Below the Instances tab is the Volumes tab. This is almost akin to what a datastore is in VMware. We need to create a volume to put a VM on. This volume will come from the datastore we specified during the deployment process. Click on Create Volume.
The Images & Snapshots tab. The Images, as described earlier, are what we create instances from. The snapshots in this case are actually snapshots of the volume, not of the image or instance. VOVA comes with a default Linux image called Debian (named after the Linux distro from which it’s created). We can use this image to create an instance or create other images by clicking on the Create Image button.
Finally we get to the Access & Security tab. Under this tab you can create the aforementioned Security Groups and keypairs, we can also add IP pools, and finally add API access. There is a default security group but we can add more if we like.

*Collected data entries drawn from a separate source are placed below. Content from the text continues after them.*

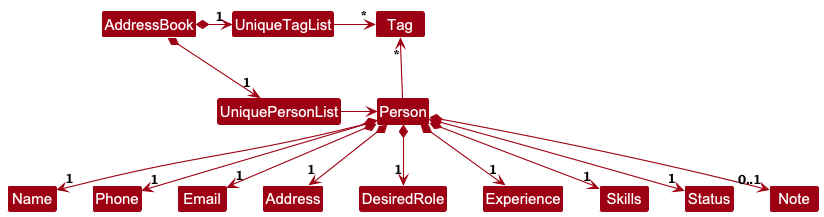

The diagram above was rendered by PlantUML. Its source (embedded in the PNG):
@startuml
!include style.puml
skinparam arrowThickness 1.1
skinparam arrowColor MODEL_COLOR
skinparam classBackgroundColor MODEL_COLOR

AddressBook *-right-> "1" UniquePersonList
AddressBook *-right-> "1" UniqueTagList
UniqueTagList -[hidden]down- UniquePersonList
UniqueTagList -[hidden]down- UniquePersonList

UniqueTagList -right-> "*" Tag
UniquePersonList -right-> Person

Person -up-> "*" Tag

Person *--> "1" Name
Person *--> "1" Phone
Person *--> "1" Email
Person *--> "1" Address
Person *--> "1" DesiredRole
Person *--> "1" Experience
Person *--> "1" Skills
Person *--> "1" Status
Person *--> "0..1" Note
@enduml
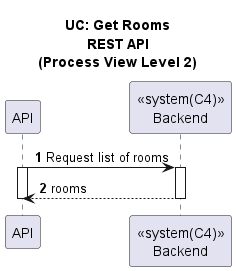

The diagram above was rendered by PlantUML. Its source (embedded in the PNG):
@startuml
'https://plantuml.com/sequence-diagram

title UC: Get Rooms\nREST API\n(Process View Level 2)
autonumber

participant "API" as A
participant "<<system(C4)>>\nBackend" as BE

A -> BE: Request list of rooms
activate A
activate BE
BE --> A: rooms
deactivate A
deactivate BE

@enduml

Keypairs, as shown in the description in the picture above, is necessary for allowing SSH access to an instance.
After we’ve configured all of that you can finally go back to your Instances tab and click on the Launch Instance button. You can create the instance from an image or a volume snapshot. You can select the Flavor which specifies how big your VM will be. This is often referred to as a t-shirt size system, which ranges from Tiny to Large. The details will be listed on the right.
Again, the VOVA appliance is not even close to something you’d want to put into production. You only get 10 instances to play with anyway. However, you get to check out OpenStack in a really quick way. The HoL (Hands on Lab) will most likely be more up to date, so that might be even more worth checking out. However, by using the appliance you can let others check out and use OpenStack. For more information check out the OpenStack documentation here.
You can also specify which keypair to use, which volume from which to boot, as well as add some scripting if you would like to automatically have it do something like join a domain after the VM is provisioned. Anything you can script you should be able to add under the Post-Creation tab. Think of the automation possibilities with that alone.